*YOUR TASK:* Find the string "relative" in the data, and copy out each line that has it.

[Items from a dataset]
* * *

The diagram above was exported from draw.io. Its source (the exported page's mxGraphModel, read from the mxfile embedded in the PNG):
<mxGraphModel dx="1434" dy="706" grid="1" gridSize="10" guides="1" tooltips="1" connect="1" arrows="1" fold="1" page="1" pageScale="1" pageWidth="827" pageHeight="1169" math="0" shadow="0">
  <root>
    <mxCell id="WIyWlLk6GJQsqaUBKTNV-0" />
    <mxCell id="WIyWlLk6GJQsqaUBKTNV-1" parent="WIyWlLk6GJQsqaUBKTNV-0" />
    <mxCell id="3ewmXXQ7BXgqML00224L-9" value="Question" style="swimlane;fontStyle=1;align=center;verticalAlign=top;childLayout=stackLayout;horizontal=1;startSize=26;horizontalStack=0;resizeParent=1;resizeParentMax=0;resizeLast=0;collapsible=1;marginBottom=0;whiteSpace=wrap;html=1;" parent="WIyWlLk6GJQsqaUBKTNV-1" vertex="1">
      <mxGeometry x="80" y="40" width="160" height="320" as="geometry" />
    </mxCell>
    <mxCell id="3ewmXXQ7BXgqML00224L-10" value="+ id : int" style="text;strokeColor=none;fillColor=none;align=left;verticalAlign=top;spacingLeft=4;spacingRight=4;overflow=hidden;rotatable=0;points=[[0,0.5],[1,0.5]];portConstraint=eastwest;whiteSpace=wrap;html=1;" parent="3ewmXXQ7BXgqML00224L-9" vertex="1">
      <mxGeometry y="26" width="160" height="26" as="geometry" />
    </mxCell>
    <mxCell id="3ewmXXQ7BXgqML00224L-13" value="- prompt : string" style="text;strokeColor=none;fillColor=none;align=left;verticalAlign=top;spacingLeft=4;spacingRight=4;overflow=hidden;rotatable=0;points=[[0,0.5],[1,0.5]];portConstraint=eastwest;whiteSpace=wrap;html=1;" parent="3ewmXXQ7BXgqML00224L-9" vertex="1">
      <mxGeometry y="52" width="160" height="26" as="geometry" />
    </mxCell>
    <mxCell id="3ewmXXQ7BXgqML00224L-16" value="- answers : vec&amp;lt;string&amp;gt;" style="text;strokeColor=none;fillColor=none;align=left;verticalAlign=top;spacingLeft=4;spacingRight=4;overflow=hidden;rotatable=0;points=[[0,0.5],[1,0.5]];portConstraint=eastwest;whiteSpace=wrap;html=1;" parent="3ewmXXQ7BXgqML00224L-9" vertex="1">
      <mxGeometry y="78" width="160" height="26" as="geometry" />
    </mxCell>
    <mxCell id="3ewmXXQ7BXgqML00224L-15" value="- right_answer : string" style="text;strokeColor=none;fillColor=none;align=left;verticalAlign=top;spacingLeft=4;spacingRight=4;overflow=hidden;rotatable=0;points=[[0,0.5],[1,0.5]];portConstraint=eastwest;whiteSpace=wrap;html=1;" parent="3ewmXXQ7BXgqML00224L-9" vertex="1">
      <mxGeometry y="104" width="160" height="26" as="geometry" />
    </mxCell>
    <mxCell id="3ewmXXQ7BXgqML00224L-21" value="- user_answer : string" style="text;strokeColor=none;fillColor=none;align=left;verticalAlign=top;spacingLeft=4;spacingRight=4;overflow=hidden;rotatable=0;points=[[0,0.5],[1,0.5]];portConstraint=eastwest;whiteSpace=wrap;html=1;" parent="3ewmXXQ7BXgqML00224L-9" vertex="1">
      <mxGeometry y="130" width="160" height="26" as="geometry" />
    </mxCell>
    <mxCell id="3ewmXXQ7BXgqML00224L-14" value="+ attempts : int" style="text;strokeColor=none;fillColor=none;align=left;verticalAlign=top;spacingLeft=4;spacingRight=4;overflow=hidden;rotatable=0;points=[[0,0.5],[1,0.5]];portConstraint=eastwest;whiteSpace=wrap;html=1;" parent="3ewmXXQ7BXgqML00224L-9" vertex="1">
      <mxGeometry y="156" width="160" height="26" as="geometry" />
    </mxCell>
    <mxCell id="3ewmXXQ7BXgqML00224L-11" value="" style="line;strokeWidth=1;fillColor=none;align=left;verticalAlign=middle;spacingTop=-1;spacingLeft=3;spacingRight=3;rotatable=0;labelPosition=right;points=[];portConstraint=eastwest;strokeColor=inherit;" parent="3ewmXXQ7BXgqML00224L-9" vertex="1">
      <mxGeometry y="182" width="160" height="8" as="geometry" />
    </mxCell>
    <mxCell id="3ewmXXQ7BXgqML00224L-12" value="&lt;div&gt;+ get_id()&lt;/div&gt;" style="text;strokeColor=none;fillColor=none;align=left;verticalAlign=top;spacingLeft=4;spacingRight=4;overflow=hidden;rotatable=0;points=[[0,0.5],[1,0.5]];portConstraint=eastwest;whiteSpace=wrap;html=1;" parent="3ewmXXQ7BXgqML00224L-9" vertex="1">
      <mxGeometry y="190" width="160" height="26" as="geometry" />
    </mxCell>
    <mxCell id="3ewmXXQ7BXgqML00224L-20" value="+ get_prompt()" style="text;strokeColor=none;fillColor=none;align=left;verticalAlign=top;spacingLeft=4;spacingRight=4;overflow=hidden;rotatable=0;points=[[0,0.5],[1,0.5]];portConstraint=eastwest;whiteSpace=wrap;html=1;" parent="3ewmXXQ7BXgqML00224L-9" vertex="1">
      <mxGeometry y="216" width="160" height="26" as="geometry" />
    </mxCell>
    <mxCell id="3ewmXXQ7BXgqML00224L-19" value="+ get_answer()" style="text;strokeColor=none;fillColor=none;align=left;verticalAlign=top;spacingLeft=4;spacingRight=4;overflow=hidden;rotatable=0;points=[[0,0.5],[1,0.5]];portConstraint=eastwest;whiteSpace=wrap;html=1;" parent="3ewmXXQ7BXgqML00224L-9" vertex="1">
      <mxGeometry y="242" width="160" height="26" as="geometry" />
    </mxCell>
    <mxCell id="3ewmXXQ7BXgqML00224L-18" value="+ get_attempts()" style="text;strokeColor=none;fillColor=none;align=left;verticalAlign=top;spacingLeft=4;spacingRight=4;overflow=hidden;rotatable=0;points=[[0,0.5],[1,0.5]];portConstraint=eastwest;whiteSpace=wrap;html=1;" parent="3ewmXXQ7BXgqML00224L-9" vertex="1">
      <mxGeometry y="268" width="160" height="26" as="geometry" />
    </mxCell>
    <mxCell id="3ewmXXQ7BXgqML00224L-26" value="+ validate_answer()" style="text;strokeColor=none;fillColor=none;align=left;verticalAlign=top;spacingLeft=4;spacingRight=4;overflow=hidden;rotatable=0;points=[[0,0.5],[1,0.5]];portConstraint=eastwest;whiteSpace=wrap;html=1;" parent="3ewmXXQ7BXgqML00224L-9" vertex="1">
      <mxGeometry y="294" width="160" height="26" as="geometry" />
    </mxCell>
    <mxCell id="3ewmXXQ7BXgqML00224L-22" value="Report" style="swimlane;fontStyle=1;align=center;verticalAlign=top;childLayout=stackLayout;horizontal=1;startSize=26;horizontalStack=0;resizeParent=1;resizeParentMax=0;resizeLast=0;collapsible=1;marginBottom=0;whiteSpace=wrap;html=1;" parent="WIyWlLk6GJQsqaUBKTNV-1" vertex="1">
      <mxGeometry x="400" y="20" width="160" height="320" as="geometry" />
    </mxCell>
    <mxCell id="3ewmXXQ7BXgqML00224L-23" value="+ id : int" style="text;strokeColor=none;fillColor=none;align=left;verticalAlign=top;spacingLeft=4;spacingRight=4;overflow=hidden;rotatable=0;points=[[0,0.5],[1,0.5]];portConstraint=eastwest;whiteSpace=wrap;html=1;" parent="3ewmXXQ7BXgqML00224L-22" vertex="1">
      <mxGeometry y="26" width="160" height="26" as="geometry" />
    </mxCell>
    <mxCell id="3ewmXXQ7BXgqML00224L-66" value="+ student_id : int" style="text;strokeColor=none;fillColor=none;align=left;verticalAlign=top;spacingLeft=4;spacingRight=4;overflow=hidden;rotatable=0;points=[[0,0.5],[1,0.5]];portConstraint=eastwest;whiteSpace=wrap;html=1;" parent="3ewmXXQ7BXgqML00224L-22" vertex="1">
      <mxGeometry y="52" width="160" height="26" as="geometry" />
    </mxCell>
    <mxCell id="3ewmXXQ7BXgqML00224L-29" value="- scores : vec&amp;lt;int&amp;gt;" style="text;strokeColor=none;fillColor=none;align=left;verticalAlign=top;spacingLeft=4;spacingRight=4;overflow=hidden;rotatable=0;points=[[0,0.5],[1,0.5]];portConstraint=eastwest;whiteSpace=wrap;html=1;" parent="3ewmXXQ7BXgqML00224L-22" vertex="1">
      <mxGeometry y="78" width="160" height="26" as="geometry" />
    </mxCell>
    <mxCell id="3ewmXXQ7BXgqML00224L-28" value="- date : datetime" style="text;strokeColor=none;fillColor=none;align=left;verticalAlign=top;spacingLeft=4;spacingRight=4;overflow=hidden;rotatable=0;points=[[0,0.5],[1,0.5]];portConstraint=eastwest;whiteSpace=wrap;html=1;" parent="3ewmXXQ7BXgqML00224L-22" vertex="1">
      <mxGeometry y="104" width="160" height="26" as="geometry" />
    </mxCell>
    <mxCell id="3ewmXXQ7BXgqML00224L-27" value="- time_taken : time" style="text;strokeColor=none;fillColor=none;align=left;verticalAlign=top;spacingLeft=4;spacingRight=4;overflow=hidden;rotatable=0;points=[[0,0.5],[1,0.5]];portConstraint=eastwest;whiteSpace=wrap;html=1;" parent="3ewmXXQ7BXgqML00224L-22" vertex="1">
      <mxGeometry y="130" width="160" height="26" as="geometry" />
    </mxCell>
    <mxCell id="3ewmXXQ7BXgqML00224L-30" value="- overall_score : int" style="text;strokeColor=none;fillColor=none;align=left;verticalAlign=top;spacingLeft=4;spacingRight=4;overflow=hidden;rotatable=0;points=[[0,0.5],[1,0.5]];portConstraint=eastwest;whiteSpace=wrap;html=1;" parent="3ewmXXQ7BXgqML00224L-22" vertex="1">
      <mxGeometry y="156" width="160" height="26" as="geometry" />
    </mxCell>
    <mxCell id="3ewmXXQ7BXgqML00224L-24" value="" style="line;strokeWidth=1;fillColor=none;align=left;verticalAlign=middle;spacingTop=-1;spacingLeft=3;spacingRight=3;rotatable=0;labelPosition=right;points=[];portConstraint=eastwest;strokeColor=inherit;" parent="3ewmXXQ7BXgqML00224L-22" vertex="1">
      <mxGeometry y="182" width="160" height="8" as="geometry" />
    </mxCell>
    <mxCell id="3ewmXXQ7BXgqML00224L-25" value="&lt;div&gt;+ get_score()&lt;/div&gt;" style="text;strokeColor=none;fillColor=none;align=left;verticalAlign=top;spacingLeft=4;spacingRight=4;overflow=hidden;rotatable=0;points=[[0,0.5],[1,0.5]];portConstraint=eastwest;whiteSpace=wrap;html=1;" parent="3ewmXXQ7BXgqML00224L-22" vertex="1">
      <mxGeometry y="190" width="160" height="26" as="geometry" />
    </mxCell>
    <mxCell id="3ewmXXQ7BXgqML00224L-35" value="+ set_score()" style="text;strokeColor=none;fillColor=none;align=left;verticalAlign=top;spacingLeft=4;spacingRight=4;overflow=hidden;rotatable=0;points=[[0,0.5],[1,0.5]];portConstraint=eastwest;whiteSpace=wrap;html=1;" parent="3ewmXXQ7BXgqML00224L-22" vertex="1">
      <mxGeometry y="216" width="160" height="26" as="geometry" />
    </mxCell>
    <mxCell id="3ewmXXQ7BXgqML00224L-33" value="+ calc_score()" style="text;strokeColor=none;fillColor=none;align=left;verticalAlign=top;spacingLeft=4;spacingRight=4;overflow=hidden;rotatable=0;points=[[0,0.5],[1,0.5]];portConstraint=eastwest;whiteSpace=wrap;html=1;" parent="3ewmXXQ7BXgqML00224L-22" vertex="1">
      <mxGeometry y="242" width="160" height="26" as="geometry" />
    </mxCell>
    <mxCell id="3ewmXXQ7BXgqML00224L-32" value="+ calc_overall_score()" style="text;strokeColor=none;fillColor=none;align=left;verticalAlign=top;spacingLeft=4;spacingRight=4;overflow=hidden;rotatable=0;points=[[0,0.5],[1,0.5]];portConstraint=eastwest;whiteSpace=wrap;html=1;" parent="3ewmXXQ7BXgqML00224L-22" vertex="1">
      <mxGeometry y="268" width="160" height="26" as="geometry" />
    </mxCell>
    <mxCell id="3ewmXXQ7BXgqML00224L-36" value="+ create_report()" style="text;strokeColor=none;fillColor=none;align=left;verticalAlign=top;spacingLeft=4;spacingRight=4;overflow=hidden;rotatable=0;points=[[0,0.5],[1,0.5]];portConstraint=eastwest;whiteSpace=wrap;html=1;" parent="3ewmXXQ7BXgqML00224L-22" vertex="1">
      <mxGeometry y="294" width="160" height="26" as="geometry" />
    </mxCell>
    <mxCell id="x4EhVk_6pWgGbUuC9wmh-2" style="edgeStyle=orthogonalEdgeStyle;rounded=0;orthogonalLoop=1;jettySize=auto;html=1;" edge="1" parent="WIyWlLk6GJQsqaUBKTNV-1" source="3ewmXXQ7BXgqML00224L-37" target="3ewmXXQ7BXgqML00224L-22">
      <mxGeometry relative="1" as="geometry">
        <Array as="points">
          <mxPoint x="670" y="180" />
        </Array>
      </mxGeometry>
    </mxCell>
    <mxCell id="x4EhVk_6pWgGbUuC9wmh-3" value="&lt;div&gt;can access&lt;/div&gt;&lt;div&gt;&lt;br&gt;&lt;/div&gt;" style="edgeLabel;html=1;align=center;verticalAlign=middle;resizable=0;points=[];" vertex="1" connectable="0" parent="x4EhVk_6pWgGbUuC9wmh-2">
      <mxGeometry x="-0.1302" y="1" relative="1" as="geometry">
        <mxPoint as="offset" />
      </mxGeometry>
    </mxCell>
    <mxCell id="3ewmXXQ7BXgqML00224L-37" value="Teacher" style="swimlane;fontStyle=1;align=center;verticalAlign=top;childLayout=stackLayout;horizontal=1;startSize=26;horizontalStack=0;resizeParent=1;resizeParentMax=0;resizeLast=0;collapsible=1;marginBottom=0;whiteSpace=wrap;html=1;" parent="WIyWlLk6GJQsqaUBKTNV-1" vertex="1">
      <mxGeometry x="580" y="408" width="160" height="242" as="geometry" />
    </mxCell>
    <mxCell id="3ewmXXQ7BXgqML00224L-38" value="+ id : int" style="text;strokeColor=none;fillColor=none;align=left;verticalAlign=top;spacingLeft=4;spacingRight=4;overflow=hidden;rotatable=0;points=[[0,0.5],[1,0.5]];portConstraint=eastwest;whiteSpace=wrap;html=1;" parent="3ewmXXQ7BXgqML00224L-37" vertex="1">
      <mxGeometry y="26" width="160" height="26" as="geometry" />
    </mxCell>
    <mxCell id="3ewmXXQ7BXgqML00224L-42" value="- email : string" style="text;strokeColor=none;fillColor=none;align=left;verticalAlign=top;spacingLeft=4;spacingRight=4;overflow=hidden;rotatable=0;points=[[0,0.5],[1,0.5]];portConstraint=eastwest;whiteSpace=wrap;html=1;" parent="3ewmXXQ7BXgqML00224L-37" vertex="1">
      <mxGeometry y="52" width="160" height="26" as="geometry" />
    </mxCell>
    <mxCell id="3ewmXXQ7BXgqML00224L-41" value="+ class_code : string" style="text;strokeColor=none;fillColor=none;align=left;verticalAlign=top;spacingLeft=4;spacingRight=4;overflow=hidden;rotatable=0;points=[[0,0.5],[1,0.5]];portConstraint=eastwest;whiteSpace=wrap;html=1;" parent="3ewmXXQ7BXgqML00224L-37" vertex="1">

* * *

*TASK OUTPUT:*
      <mxGeometry relative="1" as="geometry">
      <mxGeometry x="-0.1302" y="1" relative="1" as="geometry">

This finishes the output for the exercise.